__WHAT NEEDS TO BE DONE__. Using the material that follows, output exactly the lines from the one containing "26.0355339059), (-35, 22.5))" through the one containing "1.4644660941), (22.5, 0))", with both ends kept.

__THE DATA__.
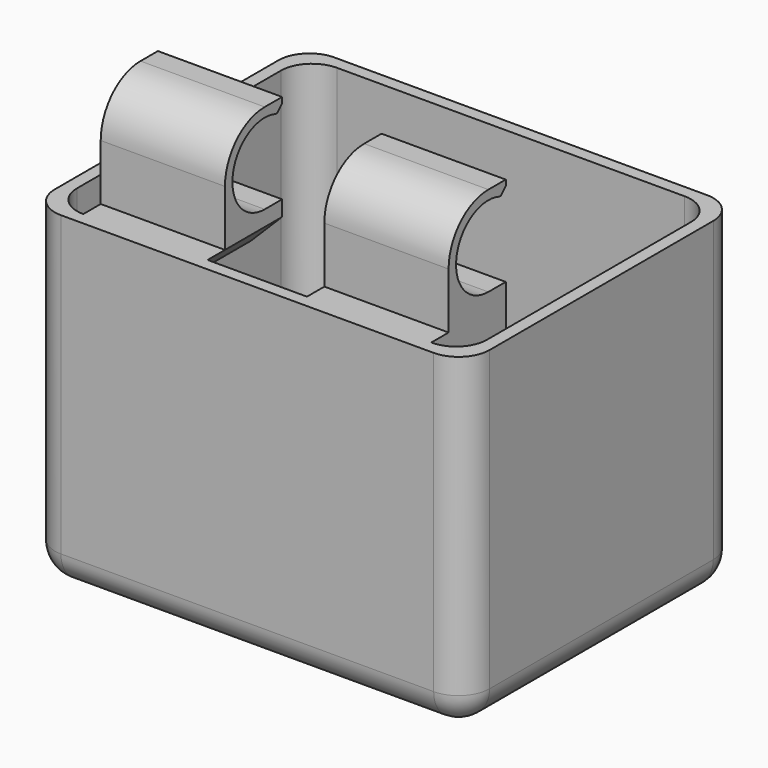
from build123d import *

# Parameters (mm, degrees)
F0_W         = 70
F0_H         = 55
F0_W_2       = 49.5
F0_H_2       = 29.3
F1_DEPTH     = 3
F2_R         = 1.5
F2_W         = 49.5
F2_H         = 29.3
F3_DEPTH     = 10
F2_W_2       = 70
F2_H_2       = 55
F2_W_3       = 66
F2_H_3       = 51
F4_DEPTH     = 50
F5_T1_DEPTH  = 45
F5_T3_DEPTH  = 41
F5_S7_W      = 5.1
F5_S7_H      = 5.1
F5_T8_DEPTH  = 5.1
F5_S13_W     = 5.1
F5_S13_H     = 5.1
F5_T14_DEPTH = 5.1
F5_S19_W     = 5.1
F5_S19_H     = 5.1
F5_T20_DEPTH = 5.1
F5_S25_W     = 5.1
F5_S25_H     = 5.1
F5_T26_DEPTH = 5.1
F5_T32_DEPTH = 56
F5_S33_R     = 4.5
F5_T34_DEPTH = 30
F5_T38_DEPTH = 56
F5_S39_R     = 4.5
F5_T40_DEPTH = 30
F5_T41_DEPTH = 45
F5_T43_DEPTH = 60.5
F5_T45_DEPTH = 60
F5_S49_W     = 5.1
F5_S49_H     = 5.1
F5_T50_DEPTH = 5.1
F5_S55_W     = 5.1
F5_S55_H     = 5.1
F5_T56_DEPTH = 5.1
F5_S61_W     = 5.1
F5_S61_H     = 5.1
F5_T62_DEPTH = 5.1
F5_S67_W     = 5.1
F5_S67_H     = 5.1
F5_T68_DEPTH = 5.1
F6_W         = 20
F6_H         = 15
F7_DEPTH     = 2
F9_DEPTH     = 56
F10_W        = 16
F10_H        = 9
F10_H_2      = 13.2445012331
F11_DEPTH    = 25
F12_DEPTH    = 3
F13_SIZE     = 4.99999
F14_SIZE     = 1


# Not quite as in the source:
# - a fillet or chamfer that OpenCascade refuses, or shapes differently, is made with other operations: its cross-section is extruded or revolved along the edge and cut away or added
# - a fillet or chamfer is up to 0.001 mm smaller than in the source, because OpenCascade refuses the exact size


with BuildPart() as f1:
    # F0 (on Top) → F1 (new body)
    with BuildSketch(Plane.XY):
        Rectangle(F0_W, F0_H)
        Rectangle(F0_W_2, F0_H_2, mode=Mode.SUBTRACT)
    extrude(amount=F1_DEPTH)

    # F2 (on face) → F3 (join)
    with BuildSketch(Plane.XY.offset(3)):
        with BuildLine():
            Line((-3.2619012861, 16.65), (-26.75, 16.65))
            Line((-26.75, 16.65), (-26.75, -16.65))
            Line((-26.75, -16.65), (-3.2619012861, -16.65))
            ThreePointArc((-3.2619012861, -16.65), (0, -24.25), (3.2619012861, -16.65))
            Line((3.2619012861, -16.65), (26.75, -16.65))
            Line((26.75, -16.65), (26.75, 16.65))
            Line((26.75, 16.65), (3.2619012861, 16.65))
            ThreePointArc((3.2619012861, 16.65), (0, 24.25), (-3.2619012861, 16.65))
        make_face()
        with Locations((0, -19.75)):
            Circle(F2_R, mode=Mode.SUBTRACT)
        Rectangle(F2_W, F2_H, mode=Mode.SUBTRACT)
        with Locations((0, 19.75)):
            Circle(F2_R, mode=Mode.SUBTRACT)
    extrude(amount=F3_DEPTH)

    # F2 (on face) → F4 (join)
    with BuildSketch(Plane.XY.offset(3)):
        Rectangle(F2_W_2, F2_H_2)
        Rectangle(F2_W_3, F2_H_3, mode=Mode.SUBTRACT)
    extrude(amount=F4_DEPTH)

    # F5: fillet of radius 5 on 16 edges, made by hand

    # F5_s2 → F5_t1 (join)
    with BuildSketch(Plane.XY.offset(8)):
        with BuildLine():
            ThreePointArc((-33, 20.5), (-31.5355339059, 24.0355339059), (-28, 25.5))
            Line((-28, 25.5), (-33, 25.5))
            Line((-33, 25.5), (-33, 20.5))
        make_face()
        with BuildLine():
            ThreePointArc((33, 20.5), (31.5355339059, 24.0355339059), (28, 25.5))
            Line((28, 25.5), (33, 25.5))
            Line((33, 25.5), (33, 20.5))
        make_face()
        with BuildLine():
            ThreePointArc((-33, -20.5), (-31.5355339059, -24.0355339059), (-28, -25.5))
            Line((-28, -25.5), (-33, -25.5))
            Line((-33, -25.5), (-33, -20.5))
        make_face()
        with BuildLine():
            ThreePointArc((28, -25.5), (31.5355339059, -24.0355339059), (33, -20.5))
            Line((33, -20.5), (33, -25.5))
            Line((33, -25.5), (28, -25.5))
        make_face()
    extrude(amount=F5_T1_DEPTH)

    # F5_s4 → F5_t3 (join)
    with BuildSketch(Plane.XZ.offset(-20.5)):
        with BuildLine():
            ThreePointArc((-28, 3), (-31.5355339059, 4.4644660941), (-33, 8))
            Line((-33, 8), (-33, 3))
            Line((-33, 3), (-28, 3))
        make_face()
        with BuildLine():
            ThreePointArc((28, 3), (31.5355339059, 4.4644660941), (33, 8))
            Line((33, 8), (33, 3))
            Line((33, 3), (28, 3))
        make_face()
    extrude(amount=F5_T3_DEPTH)


with BuildPart() as f5_tool6:
    # F5_s7 → F5_t8 (new body)
    with BuildSketch(Plane.XY.offset(8)):
        with Locations((-30.55, 23.05)):
            Rectangle(F5_S7_W, F5_S7_H)
    extrude(amount=-F5_T8_DEPTH)

    # F5_s9 → F5_t10 (revolve, cut)
    with BuildSketch(Plane(origin=(-28, 20.5, 8), x_dir=(0.7071067812, -0.7071067812, 0), z_dir=(0.7071067812, 0.7071067812, 0))):
        with BuildLine():
            ThreePointArc((0, -5), (5, 0), (0, 5))
            Line((0, 5), (0, -5))
        make_face()
    revolve(axis=Axis((-28, 20.5, 8), (0, 0, -1)), mode=Mode.SUBTRACT)


with BuildPart() as f1_1:
    add(f1.part)

    # F5_t5: union F5_tool6
    add(f5_tool6.part)


with BuildPart() as f5_tool12:
    # F5_s13 → F5_t14 (new body)
    with BuildSketch(Plane.XY.offset(8)):
        with Locations((30.55, 23.05)):
            Rectangle(F5_S13_W, F5_S13_H)
    extrude(amount=-F5_T14_DEPTH)

    # F5_s15 → F5_t16 (revolve, cut)
    with BuildSketch(Plane(origin=(28, 20.5, 8), x_dir=(-0.7071067812, -0.7071067812, 0), z_dir=(0.7071067812, -0.7071067812, 0))):
        with BuildLine():
            ThreePointArc((0, -5), (5, 0), (0, 5))
            Line((0, 5), (0, -5))
        make_face()
    revolve(axis=Axis((28, 20.5, 8), (0, 0, -1)), mode=Mode.SUBTRACT)


with BuildPart() as f1_2:
    add(f1_1.part)

    # F5_t11: union F5_tool12
    add(f5_tool12.part)


with BuildPart() as f5_tool18:
    # F5_s19 → F5_t20 (new body)
    with BuildSketch(Plane.XY.offset(8)):
        with Locations((-30.55, -23.05)):
            Rectangle(F5_S19_W, F5_S19_H)
    extrude(amount=-F5_T20_DEPTH)

    # F5_s21 → F5_t22 (revolve, cut)
    with BuildSketch(Plane(origin=(-28, -20.5, 8), x_dir=(0.7071067812, 0.7071067812, 0), z_dir=(-0.7071067812, 0.7071067812, 0))):
        with BuildLine():
            ThreePointArc((0, -5), (5, 0), (0, 5))
            Line((0, 5), (0, -5))
        make_face()
    revolve(axis=Axis((-28, -20.5, 8), (0, 0, -1)), mode=Mode.SUBTRACT)


with BuildPart() as f1_3:
    add(f1_2.part)

    # F5_t17: union F5_tool18
    add(f5_tool18.part)


with BuildPart() as f5_tool24:
    # F5_s25 → F5_t26 (new body)
    with BuildSketch(Plane.XY.offset(8)):
        with Locations((30.55, -23.05)):
            Rectangle(F5_S25_W, F5_S25_H)
    extrude(amount=-F5_T26_DEPTH)

    # F5_s27 → F5_t28 (revolve, cut)
    with BuildSketch(Plane(origin=(28, -20.5, 8), x_dir=(-0.7071067812, 0.7071067812, 0), z_dir=(-0.7071067812, -0.7071067812, 0))):
        with BuildLine():
            ThreePointArc((0, -5), (5, 0), (0, 5))
            Line((0, 5), (0, -5))
        make_face()
    revolve(axis=Axis((28, -20.5, 8), (0, 0, -1)), mode=Mode.SUBTRACT)


with BuildPart() as f1_4:
    add(f1_3.part)

    # F5_t23: union F5_tool24
    add(f5_tool24.part)


with BuildPart() as f5_tool30:
    # F5_s31 → F5_t32 (new body)
    with BuildSketch(Plane.YZ.offset(-28)):
        with BuildLine():
            ThreePointArc((20.5, 3), (24.0355339059, 4.4644660941), (25.5, 8))
            Line((25.5, 8), (25.5, 3))
            Line((25.5, 3), (20.5, 3))
        make_face()
    extrude(amount=F5_T32_DEPTH)

    # F5_s33 → F5_t34 (cut, symmetric)
    with BuildSketch(Plane.XY.offset(5.5)):
        with Locations((0, 19.75)):
            Circle(F5_S33_R)
    extrude(amount=F5_T34_DEPTH, both=True, mode=Mode.SUBTRACT)


with BuildPart() as f1_5:
    add(f1_4.part)

    # F5_t29: union F5_tool30
    add(f5_tool30.part)


with BuildPart() as f5_tool36:
    # F5_s37 → F5_t38 (new body)
    with BuildSketch(Plane.YZ.offset(28)):
        with BuildLine():
            ThreePointArc((-20.5, 3), (-24.0355339059, 4.4644660941), (-25.5, 8))
            Line((-25.5, 8), (-25.5, 3))
            Line((-25.5, 3), (-20.5, 3))
        make_face()
    extrude(amount=-F5_T38_DEPTH)

    # F5_s39 → F5_t40 (cut, symmetric)
    with BuildSketch(Plane.XY.offset(5.5)):
        with Locations((0, -19.75)):
            Circle(F5_S39_R)
    extrude(amount=F5_T40_DEPTH, both=True, mode=Mode.SUBTRACT)


with BuildPart() as f1_6:
    add(f1_5.part)

    # F5_t35: union F5_tool36
    add(f5_tool36.part)

    # F5_s42 → F5_t41 (cut)
    with BuildSketch(Plane.XZ.offset(-22.5)):
        with BuildLine():
            ThreePointArc((-30, 0), (-33.5355339059, 1.4644660941), (-35, 5))
            Line((-35, 5), (-35, 0))
            Line((-35, 0), (-30, 0))
        make_face()
        with BuildLine():
            ThreePointArc((35, 5), (33.5355339059, 1.4644660941), (30, 0))
            Line((30, 0), (35, 0))
            Line((35, 0), (35, 5))
        make_face()
    extrude(amount=F5_T41_DEPTH, mode=Mode.SUBTRACT)

    # F5_s44 → F5_t43 (cut)
    with BuildSketch(Plane.XY.offset(5)):
        with BuildLine():
            ThreePointArc((-30, 27.5), (-33.5355339059, 26.0355339059), (-35, 22.5))
            Line((-35, 22.5), (-35, 27.5))
            Line((-35, 27.5), (-30, 27.5))
        make_face()
        with BuildLine():
            ThreePointArc((-30, -27.5), (-33.5355339059, -26.0355339059), (-35, -22.5))
            Line((-35, -22.5), (-35, -27.5))
            Line((-35, -27.5), (-30, -27.5))
        make_face()
        with BuildLine():
            ThreePointArc((35, 22.5), (33.5355339059, 26.0355339059), (30, 27.5))
            Line((30, 27.5), (35, 27.5))
            Line((35, 27.5), (35, 22.5))
        make_face()
        with BuildLine():
            ThreePointArc((35, -22.5), (33.5355339059, -26.0355339059), (30, -27.5))
            Line((30, -27.5), (35, -27.5))
            Line((35, -27.5), (35, -22.5))
        make_face()
    extrude(amount=F5_T43_DEPTH, mode=Mode.SUBTRACT)

    # F5_s46 → F5_t45 (cut)
    with BuildSketch(Plane.YZ.offset(-30)):
        with BuildLine():
            ThreePointArc((27.5, 5), (26.0355339059, 1.4644660941), (22.5, 0))
            Line((22.5, 0), (27.5, 0))
            Line((27.5, 0), (27.5, 5))
        make_face()
        with BuildLine():
            ThreePointArc((-27.5, 5), (-26.0355339059, 1.4644660941), (-22.5, 0))
            Line((-22.5, 0), (-27.5, 0))
            Line((-27.5, 0), (-27.5, 5))
        make_face()
    extrude(amount=F5_T45_DEPTH, mode=Mode.SUBTRACT)


with BuildPart() as f5_tool48:
    # F5_s49 → F5_t50 (new body)
    with BuildSketch(Plane.XZ.offset(-22.5)):
        with Locations((-32.55, 2.45)):
            Rectangle(F5_S49_W, F5_S49_H)
    extrude(amount=-F5_T50_DEPTH)

    # F5_s51 → F5_t52 (revolve, cut)
    with BuildSketch(Plane(origin=(-30, 22.5, 5), x_dir=(0.7071067812, 0, 0.7071067812), z_dir=(-0.7071067812, 0, 0.7071067812))):
        with BuildLine():
            ThreePointArc((0, -5), (5, 0), (0, 5))
            Line((0, 5), (0, -5))
        make_face()
    revolve(axis=Axis((-30, 22.5, 5), (0, 1, 0)), mode=Mode.SUBTRACT)


with BuildPart() as f1_7:
    add(f1_6.part)

    # F5_t47: cut F5_tool48
    add(f5_tool48.part, mode=Mode.SUBTRACT)


with BuildPart() as f5_tool54:
    # F5_s55 → F5_t56 (new body)
    with BuildSketch(Plane.XZ.offset(22.5)):
        with Locations((-32.55, 2.45)):
            Rectangle(F5_S55_W, F5_S55_H)
    extrude(amount=F5_T56_DEPTH)

    # F5_s57 → F5_t58 (revolve, cut)
    with BuildSketch(Plane(origin=(-30, -22.5, 5), x_dir=(0.7071067812, 0, 0.7071067812), z_dir=(0.7071067812, 0, -0.7071067812))):
        with BuildLine():
            ThreePointArc((0, -5), (5, 0), (0, 5))
            Line((0, 5), (0, -5))
        make_face()
    revolve(axis=Axis((-30, -22.5, 5), (0, -1, 0)), mode=Mode.SUBTRACT)


with BuildPart() as f1_8:
    add(f1_7.part)

    # F5_t53: cut F5_tool54
    add(f5_tool54.part, mode=Mode.SUBTRACT)


with BuildPart() as f5_tool60:
    # F5_s61 → F5_t62 (new body)
    with BuildSketch(Plane.YZ.offset(30)):
        with Locations((25.05, 2.45)):
            Rectangle(F5_S61_W, F5_S61_H)
    extrude(amount=F5_T62_DEPTH)

    # F5_s63 → F5_t64 (revolve, cut)
    with BuildSketch(Plane(origin=(30, 22.5, 5), x_dir=(0, -0.7071067812, 0.7071067812), z_dir=(0, 0.7071067812, 0.7071067812))):
        with BuildLine():
            ThreePointArc((0, -5), (5, 0), (0, 5))
            Line((0, 5), (0, -5))
        make_face()
    revolve(axis=Axis((30, 22.5, 5), (1, 0, 0)), mode=Mode.SUBTRACT)


with BuildPart() as f1_9:
    add(f1_8.part)

    # F5_t59: cut F5_tool60
    add(f5_tool60.part, mode=Mode.SUBTRACT)


with BuildPart() as f5_tool66:
    # F5_s67 → F5_t68 (new body)
    with BuildSketch(Plane.YZ.offset(30)):
        with Locations((-25.05, 2.45)):
            Rectangle(F5_S67_W, F5_S67_H)
    extrude(amount=F5_T68_DEPTH)

    # F5_s69 → F5_t70 (revolve, cut)
    with BuildSketch(Plane(origin=(30, -22.5, 5), x_dir=(0, 0.7071067812, 0.7071067812), z_dir=(0, 0.7071067812, -0.7071067812))):
        with BuildLine():
            ThreePointArc((0, -5), (5, 0), (0, 5))
            Line((0, 5), (0, -5))
        make_face()
    revolve(axis=Axis((30, -22.5, 5), (1, 0, 0)), mode=Mode.SUBTRACT)


with BuildPart() as f1_10:
    add(f1_9.part)

    # F5_t65: cut F5_tool66
    add(f5_tool66.part, mode=Mode.SUBTRACT)

    # F6 (on face) → F7 (join)
    with BuildSketch(Plane.XY.offset(53)):
        with Locations((18, -18)):
            Rectangle(F6_W, F6_H)
        with Locations((-18, -18)):
            Rectangle(F6_W, F6_H)
    extrude(amount=-F7_DEPTH)

    # F8 (on face) → F9 (join)
    with BuildSketch(Plane.YZ.offset(28)):
        with BuildLine():
            ThreePointArc((-14, 55.5), (-20.4012503946, 63.1287131548), (-11.7768690684, 68.1080020351))
            Line((-11.7768690684, 68.1080020351), (-10.5, 68.1080020351))
            Line((-10.5, 68.1080020351), (-10.5, 70))
            Line((-10.5, 70), (-14, 70))
            ThreePointArc((-14, 70), (-19.6568542495, 67.6568542495), (-22, 62))
            Line((-22, 62), (-22, 53))
            Line((-22, 53), (-10.5, 53))
            Line((-10.5, 53), (-10.5, 55.5))
            Line((-10.5, 55.5), (-14, 55.5))
        make_face()
    extrude(amount=-F9_DEPTH)

    # F10 (on face) → F11 (cut)
    with BuildSketch(Plane.XZ.offset(22)):
        with Locations((0, 57.5)):
            Rectangle(F10_W, F10_H)
        with Locations((0, 68.6222506166)):
            Rectangle(F10_W, F10_H_2)
    extrude(amount=-F11_DEPTH, mode=Mode.SUBTRACT)

    # F12 (add): faces of the model
    f12_faces = [f1_10.faces().sort_by_distance(p)[0] for p in [
        (18, -18, 51),
        (-18, -18, 51),
    ]]
    extrude(f12_faces, amount=F12_DEPTH)

    # F13 (size 5 in the source; OpenCascade refuses exactly that, so slightly less here)
    f13_edges = [f1_10.edges().sort_by_distance(p)[0] for p in [
        (-8, -18, 48),
        (8, -18, 48),
    ]]
    chamfer(f13_edges, length=F13_SIZE)

    # F14
    f14_edges = [f1_10.edges().sort_by_distance(p)[0] for p in [
        (18, -10.5, 68.108002),
        (-18, -10.5, 68.108002),
    ]]
    chamfer(f14_edges, length=F14_SIZE)


solid = f1_10.part

__WRITTEN SOLUTION__.
            ThreePointArc((-30, 27.5), (-33.5355339059, 26.0355339059), (-35, 22.5))
            Line((-35, 22.5), (-35, 27.5))
            Line((-35, 27.5), (-30, 27.5))
        make_face()
        with BuildLine():
            ThreePointArc((-30, -27.5), (-33.5355339059, -26.0355339059), (-35, -22.5))
            Line((-35, -22.5), (-35, -27.5))
            Line((-35, -27.5), (-30, -27.5))
        make_face()
        with BuildLine():
            ThreePointArc((35, 22.5), (33.5355339059, 26.0355339059), (30, 27.5))
            Line((30, 27.5), (35, 27.5))
            Line((35, 27.5), (35, 22.5))
        make_face()
        with BuildLine():
            ThreePointArc((35, -22.5), (33.5355339059, -26.0355339059), (30, -27.5))
            Line((30, -27.5), (35, -27.5))
            Line((35, -27.5), (35, -22.5))
        make_face()
    extrude(amount=F5_T43_DEPTH, mode=Mode.SUBTRACT)

    # F5_s46 → F5_t45 (cut)
    with BuildSketch(Plane.YZ.offset(-30)):
        with BuildLine():
            ThreePointArc((27.5, 5), (26.0355339059, 1.4644660941), (22.5, 0))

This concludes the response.